Al rato, llega una foto del título:

—¿Y por qué cree que usted, su madre y su hermano siguen presos? 

—Por lo que ha declarado Diego Barrera sobre lo que pasa en algunas oficinas de la Justicia Federal. Las coimas y los arreglos con los presos. Primero, alguien quiere presionar a Barrera a través de nosotros. Segundo, el entorno de Aliaga intentará evitar que esta causa pase al ámbito provincial porque los contactos que tenía Aliaga están justamente dentro del fuero federal. Por eso van a insistir con la tesis del secuestro extorsivo, cuando en realidad todo apunta a que fue un homicidio. El juez Garnica, de hecho, ya declaró que no era competencia de su fuero, y una apelación de la fiscalía y la querella hizo que la causa se mantenga en el ámbito federal.

—Lo que me está diciendo es que lo están usando a usted, a su hermano y a su madre para "apretar" a Barrera.

—Sí. Teniéndonos acá, le pegan a Barrera donde más le duele. Y mire, yo no sé si me quieren ver muerto o qué. Lo que sé es que yo no tengo ningún antecedente penal y puedo justificar como accedí a todos mis bienes. Me gustaría saber si ocurre lo mismo en el entorno de Aliaga.

Diego Barrera dice que fue él quien mató a Diego Aliaga.

Hasta no hace mucho, uno de los elementos fundamentales que esgrimía el Ministerio Público para sostener la tesis de un secuestro era un llamado que se produjo exactamente a las 12.56 del 30 de julio de 2020. Diego Aliaga había desaparecido dos días antes, y su hermano Gonzalo estaba haciendo la denuncia frente a la justicia provincial cuando alguien se comunicó con él por teléfono y con "una voz que parecía fingida" le exigió un millón de dólares a cambio de la liberación del ex corredor de aduana.

El llamado nunca se repitió, y Aliaga fue hallado muerto en septiembre, en un campo de Costa de Araujo. Para Curi, no hay elementos que lo vinculen con toda esa secuencia.

—¿Cuándo y cómo conoció a Diego Aliaga?

—Lo vi una o dos veces en mi vida. Me pareció que su estado natural era ir de un problema al otro, y con contactos que por lo menos a mí me resultan raros. No estaba en sus cabales. Y se movía en una camioneta Amarok gris que pertenecía a una persona muy importante en esta la provincia...

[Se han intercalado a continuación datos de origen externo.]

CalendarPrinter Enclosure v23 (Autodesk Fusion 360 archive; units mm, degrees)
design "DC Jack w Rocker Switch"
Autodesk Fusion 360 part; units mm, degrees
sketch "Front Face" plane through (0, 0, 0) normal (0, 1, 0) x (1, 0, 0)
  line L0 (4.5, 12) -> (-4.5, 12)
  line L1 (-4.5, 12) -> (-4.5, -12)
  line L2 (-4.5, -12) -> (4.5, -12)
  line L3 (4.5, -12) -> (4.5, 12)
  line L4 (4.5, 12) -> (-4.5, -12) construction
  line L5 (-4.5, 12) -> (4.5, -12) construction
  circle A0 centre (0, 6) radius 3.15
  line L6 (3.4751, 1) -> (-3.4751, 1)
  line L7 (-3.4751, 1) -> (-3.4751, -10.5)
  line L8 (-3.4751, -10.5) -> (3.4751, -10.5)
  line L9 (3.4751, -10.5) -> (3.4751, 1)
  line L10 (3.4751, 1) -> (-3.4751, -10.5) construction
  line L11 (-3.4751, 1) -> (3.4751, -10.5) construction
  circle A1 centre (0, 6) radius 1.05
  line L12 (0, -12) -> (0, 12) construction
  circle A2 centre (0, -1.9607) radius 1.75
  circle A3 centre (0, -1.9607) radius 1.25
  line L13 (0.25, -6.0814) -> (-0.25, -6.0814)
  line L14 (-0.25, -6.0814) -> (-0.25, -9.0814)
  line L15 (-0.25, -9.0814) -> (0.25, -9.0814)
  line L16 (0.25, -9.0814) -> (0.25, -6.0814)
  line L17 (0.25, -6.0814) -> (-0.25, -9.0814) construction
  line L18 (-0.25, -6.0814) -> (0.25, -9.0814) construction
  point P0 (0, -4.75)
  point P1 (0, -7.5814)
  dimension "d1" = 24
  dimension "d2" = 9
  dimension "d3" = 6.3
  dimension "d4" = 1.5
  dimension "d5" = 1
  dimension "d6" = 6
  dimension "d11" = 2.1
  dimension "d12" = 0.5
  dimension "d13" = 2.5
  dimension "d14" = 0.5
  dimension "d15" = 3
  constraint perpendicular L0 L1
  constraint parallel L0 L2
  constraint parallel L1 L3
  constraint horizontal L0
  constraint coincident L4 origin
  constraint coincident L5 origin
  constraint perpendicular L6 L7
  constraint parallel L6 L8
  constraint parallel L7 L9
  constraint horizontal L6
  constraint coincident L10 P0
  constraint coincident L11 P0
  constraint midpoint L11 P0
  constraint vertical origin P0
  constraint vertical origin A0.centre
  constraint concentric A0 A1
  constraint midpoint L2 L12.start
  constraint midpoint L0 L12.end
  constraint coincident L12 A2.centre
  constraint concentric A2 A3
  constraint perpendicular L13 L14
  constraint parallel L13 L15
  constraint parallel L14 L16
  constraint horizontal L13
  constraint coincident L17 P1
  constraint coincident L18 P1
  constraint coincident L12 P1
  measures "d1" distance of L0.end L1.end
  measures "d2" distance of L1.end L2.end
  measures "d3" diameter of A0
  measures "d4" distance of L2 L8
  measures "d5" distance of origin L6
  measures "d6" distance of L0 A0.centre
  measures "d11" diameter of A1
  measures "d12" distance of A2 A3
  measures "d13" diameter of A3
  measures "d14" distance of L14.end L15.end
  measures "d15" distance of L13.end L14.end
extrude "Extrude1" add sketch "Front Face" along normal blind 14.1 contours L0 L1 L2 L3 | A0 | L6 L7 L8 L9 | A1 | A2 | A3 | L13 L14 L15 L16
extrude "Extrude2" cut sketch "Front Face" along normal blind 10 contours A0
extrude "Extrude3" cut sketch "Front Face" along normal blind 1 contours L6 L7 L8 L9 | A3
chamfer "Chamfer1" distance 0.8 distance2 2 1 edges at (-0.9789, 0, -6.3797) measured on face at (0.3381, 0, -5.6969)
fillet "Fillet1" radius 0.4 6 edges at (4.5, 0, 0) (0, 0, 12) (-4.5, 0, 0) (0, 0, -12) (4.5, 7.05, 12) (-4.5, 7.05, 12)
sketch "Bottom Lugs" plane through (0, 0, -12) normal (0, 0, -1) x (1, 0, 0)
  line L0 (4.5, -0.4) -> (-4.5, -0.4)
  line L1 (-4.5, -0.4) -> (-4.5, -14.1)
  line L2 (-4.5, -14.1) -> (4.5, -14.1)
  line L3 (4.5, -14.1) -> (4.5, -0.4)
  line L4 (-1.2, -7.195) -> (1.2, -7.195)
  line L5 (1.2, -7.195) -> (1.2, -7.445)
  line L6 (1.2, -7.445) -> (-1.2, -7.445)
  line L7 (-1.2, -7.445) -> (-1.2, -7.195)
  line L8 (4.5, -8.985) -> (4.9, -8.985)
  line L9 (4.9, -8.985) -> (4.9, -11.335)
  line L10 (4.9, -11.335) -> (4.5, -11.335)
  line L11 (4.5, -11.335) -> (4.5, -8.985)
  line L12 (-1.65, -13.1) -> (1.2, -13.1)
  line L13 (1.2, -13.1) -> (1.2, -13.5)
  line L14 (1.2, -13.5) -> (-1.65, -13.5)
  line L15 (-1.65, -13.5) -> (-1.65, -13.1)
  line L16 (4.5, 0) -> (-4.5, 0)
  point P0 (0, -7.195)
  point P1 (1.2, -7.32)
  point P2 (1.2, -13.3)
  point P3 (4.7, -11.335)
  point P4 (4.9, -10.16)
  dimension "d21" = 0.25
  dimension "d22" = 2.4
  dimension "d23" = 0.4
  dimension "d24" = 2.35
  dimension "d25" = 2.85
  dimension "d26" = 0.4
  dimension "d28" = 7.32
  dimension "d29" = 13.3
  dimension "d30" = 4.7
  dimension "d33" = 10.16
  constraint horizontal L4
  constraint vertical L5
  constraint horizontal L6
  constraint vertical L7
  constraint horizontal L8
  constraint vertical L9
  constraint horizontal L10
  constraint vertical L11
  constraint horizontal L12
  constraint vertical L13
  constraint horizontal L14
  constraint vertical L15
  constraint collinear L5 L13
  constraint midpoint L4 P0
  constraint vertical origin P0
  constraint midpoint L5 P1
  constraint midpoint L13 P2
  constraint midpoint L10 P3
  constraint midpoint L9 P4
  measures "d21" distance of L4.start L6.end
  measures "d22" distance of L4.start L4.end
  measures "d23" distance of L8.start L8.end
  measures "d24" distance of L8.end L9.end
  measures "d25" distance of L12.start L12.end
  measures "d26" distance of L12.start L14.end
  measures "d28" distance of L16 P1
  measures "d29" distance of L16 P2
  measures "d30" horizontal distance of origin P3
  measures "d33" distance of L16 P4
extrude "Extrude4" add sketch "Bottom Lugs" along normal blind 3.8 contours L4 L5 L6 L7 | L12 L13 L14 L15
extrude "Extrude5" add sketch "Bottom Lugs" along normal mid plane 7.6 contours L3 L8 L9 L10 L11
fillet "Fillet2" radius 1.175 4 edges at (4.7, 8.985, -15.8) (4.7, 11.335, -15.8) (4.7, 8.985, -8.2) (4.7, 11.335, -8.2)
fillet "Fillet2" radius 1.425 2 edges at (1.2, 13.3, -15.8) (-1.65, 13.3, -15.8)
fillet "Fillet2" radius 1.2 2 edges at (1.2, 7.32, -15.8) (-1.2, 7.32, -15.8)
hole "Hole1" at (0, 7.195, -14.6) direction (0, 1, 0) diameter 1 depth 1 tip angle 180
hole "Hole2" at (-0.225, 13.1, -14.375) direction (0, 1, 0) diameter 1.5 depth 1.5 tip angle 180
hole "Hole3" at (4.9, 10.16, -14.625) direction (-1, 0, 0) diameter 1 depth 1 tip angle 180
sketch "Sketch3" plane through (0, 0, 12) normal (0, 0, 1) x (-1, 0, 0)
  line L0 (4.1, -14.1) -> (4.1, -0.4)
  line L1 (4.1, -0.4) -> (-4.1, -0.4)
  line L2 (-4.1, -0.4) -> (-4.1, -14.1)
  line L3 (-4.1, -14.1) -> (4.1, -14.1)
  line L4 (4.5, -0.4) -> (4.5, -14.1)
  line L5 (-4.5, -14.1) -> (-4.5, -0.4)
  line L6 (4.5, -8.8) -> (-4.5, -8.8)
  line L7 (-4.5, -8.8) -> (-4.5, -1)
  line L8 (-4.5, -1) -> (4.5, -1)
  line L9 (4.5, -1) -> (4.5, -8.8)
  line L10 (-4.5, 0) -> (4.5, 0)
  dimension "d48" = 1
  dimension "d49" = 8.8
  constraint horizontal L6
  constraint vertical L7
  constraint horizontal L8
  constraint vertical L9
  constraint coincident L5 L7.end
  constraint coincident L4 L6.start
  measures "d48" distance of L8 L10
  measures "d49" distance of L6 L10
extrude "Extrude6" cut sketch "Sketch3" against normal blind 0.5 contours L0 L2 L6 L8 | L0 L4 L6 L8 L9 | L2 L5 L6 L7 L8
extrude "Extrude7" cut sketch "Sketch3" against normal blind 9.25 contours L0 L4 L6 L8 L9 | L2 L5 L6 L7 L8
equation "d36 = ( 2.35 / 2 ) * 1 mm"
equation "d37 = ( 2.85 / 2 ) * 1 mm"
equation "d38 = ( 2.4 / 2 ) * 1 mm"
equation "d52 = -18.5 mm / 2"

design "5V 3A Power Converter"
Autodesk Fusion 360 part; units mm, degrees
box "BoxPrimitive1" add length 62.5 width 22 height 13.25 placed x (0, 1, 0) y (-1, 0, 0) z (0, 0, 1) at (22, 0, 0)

Aliaga captado por las cámaras de Palmares, la última mañana en que se lo vio con vida.

Su versión sobre "aquel día"

En un momento de la conversación se llega al 28 de julio de 2020. La mañana clave; el instante en que Diego Aliaga fue visto con vida por última vez en un predio de Rodeo de la Cruz.

"Me daría náuseas ver un cadáver"

Ahí se bifurcan las perspectivas. La fiscalía cree que ese es el lugar en el que Aliaga fue reducido y secuestrado. Curi tiene otra visión: "Barrera discutió con Aliaga. Sabemos por una de las testigos que la noche anterior habían estado consumiendo cocaína y marihuana, aunque en la necropsia del cadáver llamativamente no apareció nada de eso. En esa pelea se habría producido la muerte, aunque yo no sé qué fue lo que causó el enfrentamiento ni he conversado con Barrera sobre eso. En realidad no hablo de esas cosas. Me daría náuseas ver un cadáver".

—Luego se conocieron escuchas en las que usted habría arreglado junto al chofer Yamil Rosales el lugar en el que iban a dejar el cuerpo...

—Son arbitrariedades. Se agarran de una llamada en la que yo hablo de "911" e interpretaron cualquier cosa. ¿Sabe quién es el "911"? Es un electricista que atiende a cualquier hora a gente que trabaja en el gremio del transporte. Por eso le llaman así. Estábamos hablando de él...

Yamil Rosales, el quinto imputado.

Lo que viene

Gastón Curi se queja de que su nombre "haya sido ensuciado ante la sociedad". Promete que a partir de ahora no va a comer ni a beber "absolutamente nada".

—Yo pido que me liberen o que al menos me otorguen la prisión domiciliaria para terminar con esta ridiculez. Y si me ignoran, voy a autolesionarme— avisa.

Partida con final abierto: la de Curi es una de las formas de organizar narrativamente lo que pasó. Hay otras. La del fiscal Alcaraz, desde luego, es sumamente distinta. Pero esta nota es la primera entrevista que da el imputado tras los ríos de tinta que se han vertido sobre lo que hizo o dejó de hacer.

Antes de despedirse, Gastón insiste en su inocencia y ofrece "invitar un café el día que salga de la cárcel". Por ahora, su realidad es muy otra.